會不會是畫上去的?我用手指抹了抹那個紅點,卻發現竟是真的!
我頓時覺得後背升起一陣寒意,強作鎮定地橫了她一眼。
「也許只是巧合。」
她咧嘴笑了。
「我還知道你及笄那年送給陳維清的荷包裡繡著一朵相思蓮。」
那是隻有我自己知道的秘密。
少女心事,全都藏在荷包裡層的繡花裡。
我感覺到自己的身子在抖。
「若你是我?那你從何而來?」
她聳了聳肩。
「要飯的時候誤入一間破廟,一覺醒來就躺在沈府門外了。」
從她滿是傷疤的臉上,我竟真的看出了幾分自己的樣子。
「你的臉......為何會這樣?」
眼前的「沈知意」冷冷一笑,眼中全是怨恨。
「是陳維清!只因我的貓衝撞了他有孕的妾室,他便讓人把我和數十隻受驚的貓關在一起,生生將我抓成這樣的!」
我聽得緊緊蹙眉。
「妾室?怎麼可能,陳郎同我爹許諾過絕不會納妾。」
她同情般地看了我一眼,笑得更冷了。
「別痴人說夢了,他娶我之前便對青樓花魁情根深種,原以為我性子軟好說話,沒想到被爹知道了,堅決不准他將娼妓納為妾室。」
下一句話,讓她冷笑間紅了眼睛。
「等到後來沈家遭難,他立刻把人接進了陳府!」
我不禁倒吸一口涼氣。
「沈家遭難?為什麼?」
「沈知意」臉上的冷笑漸漸猙獰,成了化不開的恨意。
「陳維清舉證誣告,害爹被罷官斬刀。」
這讓我如何敢信,爹是內閣首輔,陳維清小小的大理寺少卿,豈不是蚍蜉撼樹?
可我與她四目相對,見那雙眼睛裡藏著說不盡的仇恨。
我莫名地心尖一顫,彷彿那仇恨也是我的。
最終我拿起一旁的斧子狠狠將鎖劈開,將她帶回了院子。
爹聞訊趕來,指著我的鼻子教訓。
「意娘,她毀了你的姻緣,你竟還放她出來!」
我將「沈知意」護在身後,執拗地與爹大眼瞪小眼。
「不就是個陳維清麼?一個少卿而已,也不算什麼好姻緣。」
爹氣得吹鬍子瞪眼。
「大理寺少卿都入不了你的眼,難不成你想嫁給王公侯爵?」
未等我反駁,身後的「沈知意」便開了口。
「我看侯爵就很好,尤其那位靖安侯,與她十分相配!」
02
我和爹皆是一愣,齊齊回頭看她。
「沈知意」笑得誠懇。
「靖安侯是人中龍鳳,又愛重夫人,實為良配。

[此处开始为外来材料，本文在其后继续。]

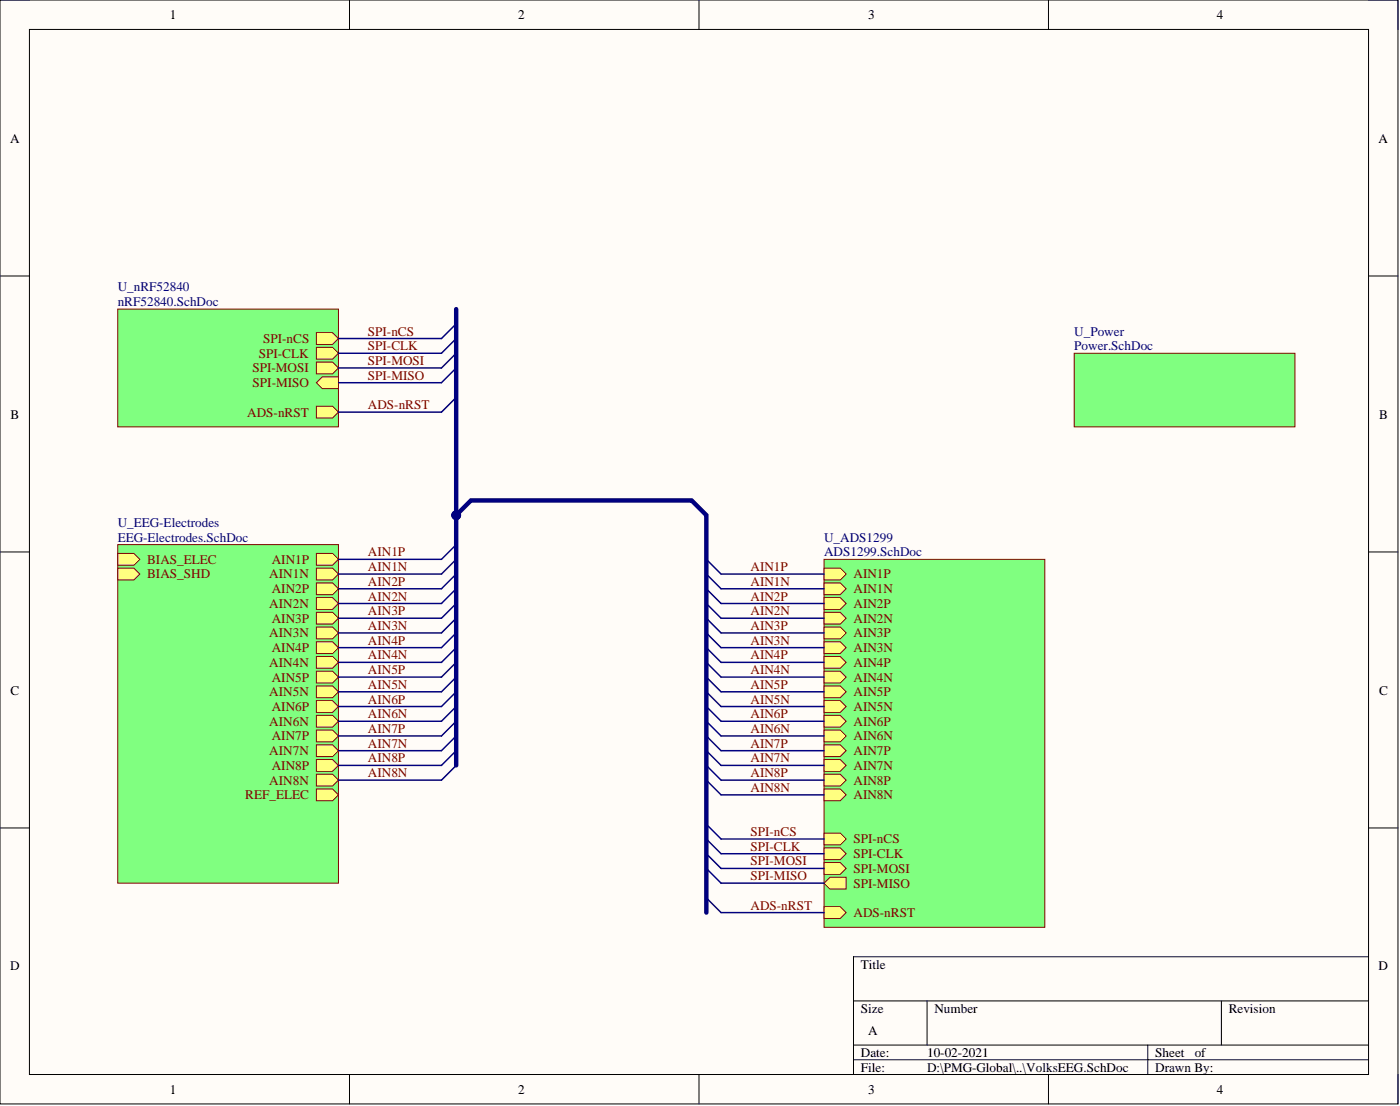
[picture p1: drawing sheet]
<svg xmlns="http://www.w3.org/2000/svg" width="241mm" height="190mm" viewBox="0 0 241 190" stroke-linecap="round" stroke-linejoin="round" font-family="sans-serif">
<path d="M0 0h241v190.1h-241z" fill-rule="evenodd" fill="#fffcf8"/>
<path d="M0 0h241v190.1h-241z" fill="none" stroke="#000" stroke-width=".17"/>
<path d="M5.1 5.1h230.8v180h-230.8z" fill-rule="evenodd" fill="#fffcf8"/>
<g fill="none" stroke="#000" stroke-width=".17">
<path d="M0 0h5.1M5.1 5.1h230.8v180h-230.8zM60.2 0v5.1M120.5 0v5.1M180.7 0v5.1M235.9 0h5.1v5.1M0 47.5h5.1M235.9 47.5h5.1M0 95.1h5.1M235.9 95.1h5.1M0 142.6h5.1M235.9 142.6h5.1"/>
<path d="M147.1 172.4h88.8M159.8 172.4v7.6M210.5 172.4v7.6M235.9 164.8h-88.8v20.3M60.2 185.1v5M120.5 185.1v5M147.1 180h88.8M147.1 182.5h88.8M180.7 185.1v5M197.8 180v5.1M241 185.1v5"/>
</g>
<path d="M20.3 53.2h38v20.3h-38z" fill-rule="evenodd" fill="#80ff80"/>
<path d="M20.3 53.2h38v20.3h-38z" fill="none" stroke="#800000" stroke-width=".17"/>
<path d="M54.5 57.3h2.8l1 1-1 1h-2.8z" fill-rule="evenodd" fill="#ffff80"/>
<path d="M54.5 57.3h2.8l1 1-1 1h-2.8z" fill="none" stroke="#800000" stroke-width=".17"/>
<path d="M54.5 65.9l1-1h2.8v2h-2.8z" fill-rule="evenodd" fill="#ffff80"/>
<path d="M54.5 65.9l1-1h2.8v2h-2.8z" fill="none" stroke="#800000" stroke-width=".17"/>
<path d="M54.5 59.8h2.8l1 1-1 1.1h-2.8z" fill-rule="evenodd" fill="#ffff80"/>
<path d="M54.5 59.8h2.8l1 1-1 1.1h-2.8z" fill="none" stroke="#800000" stroke-width=".17"/>
<path d="M54.5 70h2.8l1 1-1 1h-2.8z" fill-rule="evenodd" fill="#ffff80"/>
<path d="M54.5 70h2.8l1 1-1 1h-2.8z" fill="none" stroke="#800000" stroke-width=".17"/>
<path d="M54.5 62.4h2.8l1 1-1 1h-2.8z" fill-rule="evenodd" fill="#ffff80"/>
<path d="M54.5 62.4h2.8l1 1-1 1h-2.8z" fill="none" stroke="#800000" stroke-width=".17"/>
<path d="M142 96.3h38.1v63.4h-38.1z" fill-rule="evenodd" fill="#80ff80"/>
<path d="M142 96.3h38.1v63.4h-38.1z" fill="none" stroke="#800000" stroke-width=".17"/>
<path d="M142 97.9h2.8l1 1-1 1h-2.8z" fill-rule="evenodd" fill="#ffff80"/>
<path d="M142 97.9h2.8l1 1-1 1h-2.8z" fill="none" stroke="#800000" stroke-width=".17"/>
<path d="M142 100.4h2.8l1 1-1 1h-2.8z" fill-rule="evenodd" fill="#ffff80"/>
<path d="M142 100.4h2.8l1 1-1 1h-2.8z" fill="none" stroke="#800000" stroke-width=".17"/>
<path d="M142 102.9h2.8l1 1-1 1.1h-2.8z" fill-rule="evenodd" fill="#ffff80"/>
<path d="M142 102.9h2.8l1 1-1 1.1h-2.8z" fill="none" stroke="#800000" stroke-width=".17"/>
<path d="M142 105.5h2.8l1 1-1 1h-2.8z" fill-rule="evenodd" fill="#ffff80"/>
<path d="M142 105.5h2.8l1 1-1 1h-2.8z" fill="none" stroke="#800000" stroke-width=".17"/>
<path d="M142 108h2.8l1 1-1 1h-2.8z" fill-rule="evenodd" fill="#ffff80"/>
<path d="M142 108h2.8l1 1-1 1h-2.8z" fill="none" stroke="#800000" stroke-width=".17"/>
<path d="M142 110.5h2.8l1 1.1-1 1h-2.8z" fill-rule="evenodd" fill="#ffff80"/>
<path d="M142 110.5h2.8l1 1.1-1 1h-2.8z" fill="none" stroke="#800000" stroke-width=".17"/>
<path d="M142 113.1h2.8l1 1-1 1h-2.8z" fill-rule="evenodd" fill="#ffff80"/>
<path d="M142 113.1h2.8l1 1-1 1h-2.8z" fill="none" stroke="#800000" stroke-width=".17"/>
<path d="M142 115.6h2.8l1 1-1 1h-2.8z" fill-rule="evenodd" fill="#ffff80"/>
<path d="M142 115.6h2.8l1 1-1 1h-2.8z" fill="none" stroke="#800000" stroke-width=".17"/>
<path d="M142 118.1h2.8l1 1.1-1 1h-2.8z" fill-rule="evenodd" fill="#ffff80"/>
<path d="M142 118.1h2.8l1 1.1-1 1h-2.8z" fill="none" stroke="#800000" stroke-width=".17"/>
<path d="M142 120.7h2.8l1 1-1 1h-2.8z" fill-rule="evenodd" fill="#ffff80"/>
<path d="M142 120.7h2.8l1 1-1 1h-2.8z" fill="none" stroke="#800000" stroke-width=".17"/>
<path d="M142 123.2h2.8l1 1-1 1h-2.8z" fill-rule="evenodd" fill="#ffff80"/>
<path d="M142 123.2h2.8l1 1-1 1h-2.8z" fill="none" stroke="#800000" stroke-width=".17"/>
<path d="M142 125.8h2.8l1 1-1 1h-2.8z" fill-rule="evenodd" fill="#ffff80"/>
<path d="M142 125.8h2.8l1 1-1 1h-2.8z" fill="none" stroke="#800000" stroke-width=".17"/>
<path d="M142 128.3h2.8l1 1-1 1h-2.8z" fill-rule="evenodd" fill="#ffff80"/>
<path d="M142 128.3h2.8l1 1-1 1h-2.8z" fill="none" stroke="#800000" stroke-width=".17"/>
<path d="M142 130.8h2.8l1 1-1 1h-2.8z" fill-rule="evenodd" fill="#ffff80"/>
<path d="M142 130.8h2.8l1 1-1 1h-2.8z" fill="none" stroke="#800000" stroke-width=".17"/>
<path d="M142 133.4h2.8l1 1-1 1h-2.8z" fill-rule="evenodd" fill="#ffff80"/>
<path d="M142 133.4h2.8l1 1-1 1h-2.8z" fill="none" stroke="#800000" stroke-width=".17"/>
<path d="M142 135.9h2.8l1 1-1 1h-2.8z" fill-rule="evenodd" fill="#ffff80"/>
<path d="M142 135.9h2.8l1 1-1 1h-2.8z" fill="none" stroke="#800000" stroke-width=".17"/>
<path d="M142 148.6h2.8l1 1-1 1h-2.8z" fill-rule="evenodd" fill="#ffff80"/>
<path d="M142 148.6h2.8l1 1-1 1h-2.8z" fill="none" stroke="#800000" stroke-width=".17"/>
<path d="M142 156.2h2.8l1 1-1 1h-2.8z" fill-rule="evenodd" fill="#ffff80"/>
<path d="M142 156.2h2.8l1 1-1 1h-2.8z" fill="none" stroke="#800000" stroke-width=".17"/>
<path d="M142 152.1l1-1h2.8v2h-2.8z" fill-rule="evenodd" fill="#ffff80"/>
<path d="M142 152.1l1-1h2.8v2h-2.8z" fill="none" stroke="#800000" stroke-width=".17"/>
<path d="M142 143.5h2.8l1 1-1 1h-2.8z" fill-rule="evenodd" fill="#ffff80"/>
<path d="M142 143.5h2.8l1 1-1 1h-2.8z" fill="none" stroke="#800000" stroke-width=".17"/>
<path d="M142 146h2.8l1 1-1 1.1h-2.8z" fill-rule="evenodd" fill="#ffff80"/>
<path d="M142 146h2.8l1 1-1 1.1h-2.8z" fill="none" stroke="#800000" stroke-width=".17"/>
<path d="M20.3 93.8h38v58.3h-38z" fill-rule="evenodd" fill="#80ff80"/>
<path d="M20.3 93.8h38v58.3h-38z" fill="none" stroke="#800000" stroke-width=".17"/>
<path d="M54.5 95.3h2.8l1 1-1 1.1h-2.8z" fill-rule="evenodd" fill="#ffff80"/>
<path d="M54.5 95.3h2.8l1 1-1 1.1h-2.8z" fill="none" stroke="#800000" stroke-width=".17"/>
<path d="M54.5 97.9h2.8l1 1-1 1h-2.8z" fill-rule="evenodd" fill="#ffff80"/>
<path d="M54.5 97.9h2.8l1 1-1 1h-2.8z" fill="none" stroke="#800000" stroke-width=".17"/>
<path d="M54.5 100.4h2.8l1 1-1 1h-2.8z" fill-rule="evenodd" fill="#ffff80"/>
<path d="M54.5 100.4h2.8l1 1-1 1h-2.8z" fill="none" stroke="#800000" stroke-width=".17"/>
<path d="M54.5 102.9h2.8l1 1-1 1.1h-2.8z" fill-rule="evenodd" fill="#ffff80"/>
<path d="M54.5 102.9h2.8l1 1-1 1.1h-2.8z" fill="none" stroke="#800000" stroke-width=".17"/>
<path d="M54.5 105.5h2.8l1 1-1 1h-2.8z" fill-rule="evenodd" fill="#ffff80"/>
<path d="M54.5 105.5h2.8l1 1-1 1h-2.8z" fill="none" stroke="#800000" stroke-width=".17"/>
<path d="M54.5 108h2.8l1 1-1 1h-2.8z" fill-rule="evenodd" fill="#ffff80"/>
<path d="M54.5 108h2.8l1 1-1 1h-2.8z" fill="none" stroke="#800000" stroke-width=".17"/>
<path d="M54.5 110.5h2.8l1 1.1-1 1h-2.8z" fill-rule="evenodd" fill="#ffff80"/>
<path d="M54.5 110.5h2.8l1 1.1-1 1h-2.8z" fill="none" stroke="#800000" stroke-width=".17"/>
<path d="M54.5 113.1h2.8l1 1-1 1h-2.8z" fill-rule="evenodd" fill="#ffff80"/>
<path d="M54.5 113.1h2.8l1 1-1 1h-2.8z" fill="none" stroke="#800000" stroke-width=".17"/>
<path d="M54.5 115.6h2.8l1 1-1 1h-2.8z" fill-rule="evenodd" fill="#ffff80"/>
<path d="M54.5 115.6h2.8l1 1-1 1h-2.8z" fill="none" stroke="#800000" stroke-width=".17"/>
<path d="M54.5 118.1h2.8l1 1.1-1 1h-2.8z" fill-rule="evenodd" fill="#ffff80"/>
<path d="M54.5 118.1h2.8l1 1.1-1 1h-2.8z" fill="none" stroke="#800000" stroke-width=".17"/>
<path d="M54.5 120.7h2.8l1 1-1 1h-2.8z" fill-rule="evenodd" fill="#ffff80"/>
<path d="M54.5 120.7h2.8l1 1-1 1h-2.8z" fill="none" stroke="#800000" stroke-width=".17"/>
<path d="M54.5 123.2h2.8l1 1-1 1h-2.8z" fill-rule="evenodd" fill="#ffff80"/>
<path d="M54.5 123.2h2.8l1 1-1 1h-2.8z" fill="none" stroke="#800000" stroke-width=".17"/>
<path d="M54.5 125.8h2.8l1 1-1 1h-2.8z" fill-rule="evenodd" fill="#ffff80"/>
<path d="M54.5 125.8h2.8l1 1-1 1h-2.8z" fill="none" stroke="#800000" stroke-width=".17"/>
<path d="M54.5 128.3h2.8l1 1-1 1h-2.8z" fill-rule="evenodd" fill="#ffff80"/>
<path d="M54.5 128.3h2.8l1 1-1 1h-2.8z" fill="none" stroke="#800000" stroke-width=".17"/>
<path d="M54.5 130.8h2.8l1 1-1 1h-2.8z" fill-rule="evenodd" fill="#ffff80"/>
<path d="M54.5 130.8h2.8l1 1-1 1h-2.8z" fill="none" stroke="#800000" stroke-width=".17"/>
<path d="M54.5 133.4h2.8l1 1-1 1h-2.8z" fill-rule="evenodd" fill="#ffff80"/>
<path d="M54.5 133.4h2.8l1 1-1 1h-2.8z" fill="none" stroke="#800000" stroke-width=".17"/>
<path d="M54.5 135.9h2.8l1 1-1 1h-2.8z" fill-rule="evenodd" fill="#ffff80"/>
<path d="M54.5 135.9h2.8l1 1-1 1h-2.8z" fill="none" stroke="#800000" stroke-width=".17"/>
<path d="M20.3 95.3h2.8l1 1-1 1.1h-2.8z" fill-rule="evenodd" fill="#ffff80"/>
<path d="M20.3 95.3h2.8l1 1-1 1.1h-2.8z" fill="none" stroke="#800000" stroke-width=".17"/>
<path d="M20.3 97.9h2.8l1 1-1 1h-2.8z" fill-rule="evenodd" fill="#ffff80"/>
<path d="M20.3 97.9h2.8l1 1-1 1h-2.8z" fill="none" stroke="#800000" stroke-width=".17"/>
<path d="M185.2 60.8h38v12.7h-38z" fill-rule="evenodd" fill="#80ff80"/>
<path d="M185.2 60.8h38v12.7h-38z" fill="none" stroke="#800000" stroke-width=".17"/>
<g fill="none" stroke="#000080" stroke-width=".25">
<path d="M78.6 55.8l-2.5 2.5h-17.8M78.6 58.3l-2.5 2.5h-17.8M78.6 60.8l-2.5 2.6h-17.8M78.6 63.4l-2.5 2.5h-17.8M78.6 68.5l-2.5 2.5h-17.8M78.6 93.8l-2.5 2.5h-17.8M78.6 96.3l-2.5 2.6h-17.8M78.6 98.9l-2.5 2.5h-17.8M121.7 96.3l2.6 2.6h17.7M121.7 98.9l2.6 2.5h17.7M78.6 101.4l-2.5 2.5h-17.8M78.6 103.9l-2.5 2.6h-17.8"/>
<path d="M78.6 106.5l-2.5 2.5h-17.8M78.6 109l-2.5 2.6h-17.8M78.6 111.6l-2.5 2.5h-17.8M78.6 114.1l-2.5 2.5h-17.8M78.6 116.6l-2.5 2.6h-17.8M78.6 119.2l-2.5 2.5h-17.8M121.7 101.4l2.6 2.5h17.7M121.7 103.9l2.6 2.6h17.7M121.7 106.5l2.6 2.5h17.7M121.7 109l2.6 2.6h17.7M121.7 111.6l2.6 2.5h17.7M121.7 114.1l2.6 2.5h17.7"/>
<path d="M121.7 116.6l2.6 2.6h17.7M121.7 119.2l2.6 2.5h17.7M78.6 121.7l-2.5 2.5h-17.8M78.6 124.2l-2.5 2.6h-17.8M78.6 126.8l-2.5 2.5h-17.8M78.6 129.3l-2.5 2.5h-17.8M78.6 131.8l-2.5 2.6h-17.8M121.7 121.7l2.6 2.5h17.7M121.7 124.2l2.6 2.6h17.7M121.7 126.8l2.6 2.5h17.7M121.7 129.3l2.6 2.5h17.7M121.7 131.8l2.6 2.6h17.7"/>
<path d="M121.7 134.4l2.6 2.5h17.7M121.7 142l2.6 2.5h17.7M121.7 144.5l2.6 2.5h17.7M121.7 147l2.6 2.6h17.7M121.7 149.6l2.6 2.5h17.7M121.7 154.7l2.6 2.5h17.7"/>
</g>
<path d="M78.6 131.8v-43.1l2.6-2.5h38l2.5 2.5v68.5" fill="none" stroke="#000080" stroke-width=".76"/>
<circle cx="78.6" cy="88.7" r=".76" fill="#000080"/>
<circle cx="78.6" cy="88.7" r=".76" fill="none" stroke="#000080" stroke-width=".17"/>
<path d="M78.6 53.2v35.5" fill="none" stroke="#000080" stroke-width=".76"/>
<circle cx="78.6" cy="88.7" r=".76" fill="#000080"/>
<circle cx="78.6" cy="88.7" r=".76" fill="none" stroke="#000080" stroke-width=".17"/>
<g font-size="2.3">
<text x="29.3" y="3.3">1</text>
<text x="89.3" y="3.3">2</text>
<text x="149.6" y="3.3">3</text>
<text x="209.8" y="3.3">4</text>
<text x="1.7" y="24.6">A</text>
<text x="237.6" y="24.6">A</text>
<text x="1.8" y="72.1">B</text>
<text x="237.7" y="72.1">B</text>
<text x="1.8" y="119.6">C</text>
<text x="237.7" y="119.6">C</text>
<text x="1.7" y="167.2">D</text>
<text x="148.4" y="166.8">Title</text>
<text x="237.6" y="167.2">D</text>
<text x="148.4" y="174.4">Size</text>
<text x="149.6" y="178.2">A</text>
<text x="161.1" y="174.4">Number</text>
<text x="211.8" y="174.4">Revision</text>
<text x="148.4" y="182">Date:</text>
<text x="148.4" y="184.6">File:</text>
<text x="159.8" y="182">10-02-2021</text>
<text x="159.8" y="184.6">D:\PMG-Global\..\VolksEEG.SchDoc</text>
<text x="199.1" y="182">Sheet</text>
<text x="199.1" y="184.6">Drawn By:</text>
<text x="205.9" y="182">of</text>
<text x="29.3" y="188.4">1</text>
<text x="89.3" y="188.4">2</text>
<text x="149.6" y="188.4">3</text>
<text x="209.8" y="188.4">4</text>
</g>
<g font-size="2.3" fill="#000080">
<text x="20.3" y="50.2">U_nRF52840</text>
<text x="20.3" y="52.7">nRF52840.SchDoc</text>
<text x="185.2" y="57.8">U_Power</text>
<text x="185.2" y="60.3">Power.SchDoc</text>
<text x="20.3" y="90.8">U_EEG-Electrodes</text>
<text x="20.3" y="93.3">EEG-Electrodes.SchDoc</text>
<text x="142" y="93.3">U_ADS1299</text>
<text x="142" y="95.8">ADS1299.SchDoc</text>
</g>
<g font-size="2.3" fill="#800000">
<text x="45.4" y="59.1">SPI-nCS</text>
<text x="63.4" y="57.8">SPI-nCS</text>
<text x="43.5" y="64.1">SPI-MOSI</text>
<text x="44.6" y="61.6">SPI-CLK</text>
<text x="63.4" y="60.3">SPI-CLK</text>
<text x="63.4" y="62.9">SPI-MOSI</text>
<text x="63.4" y="65.4">SPI-MISO</text>
<text x="42.6" y="71.7">ADS-nRST</text>
<text x="43.5" y="66.7">SPI-MISO</text>
<text x="63.4" y="70.5">ADS-nRST</text>
<text x="63.4" y="95.8">AIN1P</text>
<text x="25.4" y="97.1">BIAS_ELEC</text>
<text x="25.4" y="99.6">BIAS_SHD</text>
<text x="46.4" y="99.6">AIN1N</text>
<text x="46.8" y="97.1">AIN1P</text>
<text x="63.4" y="98.4">AIN1N</text>
<text x="63.4" y="100.9">AIN2P</text>
<text x="129.4" y="98.4">AIN1P</text>
<text x="129.4" y="100.9">AIN1N</text>
<text x="147.1" y="99.6">AIN1P</text>
<text x="46.4" y="104.7">AIN2N</text>
<text x="46.8" y="102.2">AIN2P</text>
<text x="46.8" y="107.2">AIN3P</text>
<text x="63.4" y="103.4">AIN2N</text>
<text x="63.4" y="106">AIN3P</text>
<text x="129.4" y="103.4">AIN2P</text>
<text x="129.4" y="106">AIN2N</text>
<text x="147.1" y="102.2">AIN1N</text>
<text x="147.1" y="104.7">AIN2P</text>
<text x="147.1" y="107.2">AIN2N</text>
<text x="46.4" y="109.8">AIN3N</text>
<text x="46.8" y="112.3">AIN4P</text>
<text x="63.4" y="108.5">AIN3N</text>
<text x="63.4" y="111">AIN4P</text>
<text x="63.4" y="113.6">AIN4N</text>
<text x="129.4" y="108.5">AIN3P</text>
<text x="129.4" y="111">AIN3N</text>
<text x="129.4" y="113.6">AIN4P</text>
<text x="147.1" y="109.8">AIN3P</text>
<text x="147.1" y="112.3">AIN3N</text>
<text x="46.4" y="114.8">AIN4N</text>
<text x="46.4" y="119.9">AIN5N</text>
<text x="46.8" y="117.4">AIN5P</text>
<text x="63.4" y="116.1">AIN5P</text>
<text x="63.4" y="118.7">AIN5N</text>
<text x="129.4" y="116.1">AIN4N</text>
<text x="129.4" y="118.7">AIN5P</text>
<text x="147.1" y="114.8">AIN4P</text>
<text x="147.1" y="117.4">AIN4N</text>
<text x="147.1" y="119.9">AIN5P</text>
<text x="46.4" y="125">AIN6N</text>
<text x="46.8" y="122.5">AIN6P</text>
<text x="63.4" y="121.2">AIN6P</text>
<text x="63.4" y="123.7">AIN6N</text>
<text x="129.4" y="121.2">AIN5N</text>
<text x="129.4" y="123.7">AIN6P</text>
<text x="147.1" y="122.5">AIN5N</text>
<text x="147.1" y="125">AIN6P</text>
<text x="46.4" y="130.1">AIN7N</text>
<text x="46.8" y="127.5">AIN7P</text>
<text x="63.4" y="126.3">AIN7P</text>
<text x="63.4" y="128.8">AIN7N</text>
<text x="63.4" y="131.3">AIN8P</text>
<text x="129.4" y="126.3">AIN6N</text>
<text x="129.4" y="128.8">AIN7P</text>
<text x="129.4" y="131.3">AIN7N</text>
<text x="147.1" y="127.5">AIN6N</text>
<text x="147.1" y="130.1">AIN7P</text>
<text x="42.3" y="137.7">REF_ELEC</text>
<text x="46.4" y="135.1">AIN8N</text>
<text x="46.8" y="132.6">AIN8P</text>
<text x="63.4" y="133.9">AIN8N</text>
<text x="129.4" y="133.9">AIN8P</text>
<text x="129.4" y="136.4">AIN8N</text>
<text x="147.1" y="132.6">AIN7N</text>
<text x="147.1" y="135.1">AIN8P</text>
<text x="147.1" y="137.7">AIN8N</text>
<text x="129.4" y="144">SPI-nCS</text>
<text x="129.4" y="146.5">SPI-CLK</text>
<text x="129.4" y="149.1">SPI-MOSI</text>
<text x="147.1" y="145.3">SPI-nCS</text>
<text x="147.1" y="147.8">SPI-CLK</text>
<text x="129.4" y="151.6">SPI-MISO</text>
<text x="147.1" y="150.3">SPI-MOSI</text>
<text x="147.1" y="152.9">SPI-MISO</text>
<text x="129.4" y="156.7">ADS-nRST</text>
<text x="147.1" y="157.9">ADS-nRST</text>
</g>
</svg>

」
我偏頭一看,爹的白眼都快翻上了天。
「意娘,你從哪裡撿來的神婆?那靖安侯可是京中有名的紈絝,拖到二十歲還沒說上親事,她這不是想害你嗎?」
爹疑心她是朝中仇家派來的,嚷嚷著要把她拖出去打死。
誰知「沈知意」忽然說出一句:
「沈大人近來為南邊蟲患頭疼,京城外楊家村有位深諳治蟲之法的季先生,可替大人排憂解難。」
我看見爹的目光一震,知道她說中了爹的難處,連忙推波助瀾。
「爹不如去試試,人就先交給我看管。」
爹沉思了良久,還是將信將疑地走了。
我想喚她到榻上坐,便喊了一聲「意娘」。
恰巧夜遊歸來的月牙忽然跳到她身上,舒舒服服地團成一團。
我隨口打趣。
「它好像知道你是誰。」
她珍視地一下下摸著月牙的頭,語氣中是無盡的悔恨。
「你不知道,前世我眼睜睜看著陳維清將她剁成一攤血肉。」
我聽得一陣反胃,竟生出些感同身受的難過。
她看了我一眼,輕輕嘆了聲氣。
「我不想做沈知意了,以後叫我阿四吧。」
她的淚水一滴兩滴地落在月牙身上,平時性子彆扭的貓兒卻只是靜靜地蜷在她懷裡,我問她。
「我能幫你做些什麼?」
她抹了一把眼淚,抬頭堅定地看著我。
「不是幫我,是幫你自己,想辦法嫁給靖安侯。」
聽了她的話,我頓時面露猶豫。
「為何非得是他?那可是位極浪蕩的人物,日日流連煙花之地的。」
阿四忽然笑了。
「那都是做給旁人看的,靖安侯其實是經世之才,他為二皇子辦事,青樓戲院實為他埋下的暗線。
」
「即便如此,那愛重夫人又是從何得來?」
她見我面露猶疑,嘆了一口氣。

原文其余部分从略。